I'm not really sure. It looks like a bunch of grapes with a leaf or two on top to me. 

BUT IT'S SQUINTING GRAPES! 



...I'm still open for suggestions.


----------



## cadenhead (Aug 13, 2007)

We have a winner!


----------



## Leon (Aug 13, 2007)




----------



## OzzyC (Aug 13, 2007)

Leon said:


>



Maybe with a different hat...


----------



## playstopause (Aug 13, 2007)

What is it with everyone wanting their signature smiley?


----------



## Drew (Aug 13, 2007)

playstopause said:


> What is it with everyone wanting their signature smilie?



 You fuckers fail to appreciate that smileys are earned, not given. I spent _years_ getting my tolerance to the point where I deserved  so what have YOU done for a smiley?


----------



## Zepp88 (Aug 13, 2007)

Drew said:


> You fuckers fail to appreciate that smileys are earned, not given. I spent _years_ getting my tolerance to the point where I deserved  so what have YOU done for a smiley?



I bring things to the forum! I should have a smiley!


....not really sure what the hell I contribute actually, I'm just kinda....here...


Ozzy, WTF do you bring!? 

Also...those are some odd grape..things...

Me likes the squinting Santa.

Also,


----------



## nitelightboy (Aug 13, 2007)

Drew said:


> You fuckers fail to appreciate that smileys are earned, not given. I spent _years_ getting my tolerance to the point where I deserved  so what have YOU done for a smiley?



Exactly. Do you know how hard I had to work to get this  It took me alot of gay jokes, mod bashings, and pointless posts to earn the right to have my own smiley.


----------



## Stitch (Aug 13, 2007)

i think i should have the santa one.

First of all, I provide lots of squintage.

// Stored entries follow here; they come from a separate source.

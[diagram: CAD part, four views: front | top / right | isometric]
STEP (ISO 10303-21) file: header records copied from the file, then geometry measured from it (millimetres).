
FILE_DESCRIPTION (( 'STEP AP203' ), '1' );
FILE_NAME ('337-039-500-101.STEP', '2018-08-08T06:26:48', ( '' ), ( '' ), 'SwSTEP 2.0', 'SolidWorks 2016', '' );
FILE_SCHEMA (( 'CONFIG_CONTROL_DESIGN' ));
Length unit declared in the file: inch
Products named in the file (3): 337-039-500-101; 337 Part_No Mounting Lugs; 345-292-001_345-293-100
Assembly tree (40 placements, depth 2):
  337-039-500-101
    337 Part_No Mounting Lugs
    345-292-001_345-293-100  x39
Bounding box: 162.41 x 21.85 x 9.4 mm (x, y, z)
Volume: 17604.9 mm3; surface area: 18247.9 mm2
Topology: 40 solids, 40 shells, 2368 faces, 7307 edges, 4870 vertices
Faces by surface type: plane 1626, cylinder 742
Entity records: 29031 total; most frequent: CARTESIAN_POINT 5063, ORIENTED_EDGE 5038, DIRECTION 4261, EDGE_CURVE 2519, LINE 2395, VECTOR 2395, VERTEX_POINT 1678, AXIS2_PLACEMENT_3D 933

And much merriment also. I'm the only one here who is generally nice to Drew, and I know you all prefer me to Ozzy. 



It isn't working.


----------



## OzzyC (Aug 13, 2007)

Drew said:


> You fuckers fail to appreciate that smileys are earned, not given. I spent _years_ getting my tolerance to the point where I deserved  so what have YOU done for a smiley?



I give you the 5th largest open thread. http://www.sevenstring.org/forum/off-topic/29959-abcs-ozzyc-style-49.html Which is about to reach it's 1000th post.

Also, I'll have been here for a year as of the 16th of this month.



stitch216 said:


> i think i should have the santa one.
> 
> First of all, I provide lots of squintage.
> 
> ...



Hey! Your supposed to be on my side.


----------



## Zepp88 (Aug 13, 2007)

...just map  to : squint :

that would be good enough for him


----------



## Stitch (Aug 13, 2007)

Your damn right, but I like the santa one, his eyes get bigger.


----------



## ShawnFjellstad (Aug 13, 2007)

i think oz and stitch deserve their own smileys.


----------



## OzzyC (Aug 13, 2007)

stitch216 said:


> Your damn right, but I like the santa one, his eyes get bigger.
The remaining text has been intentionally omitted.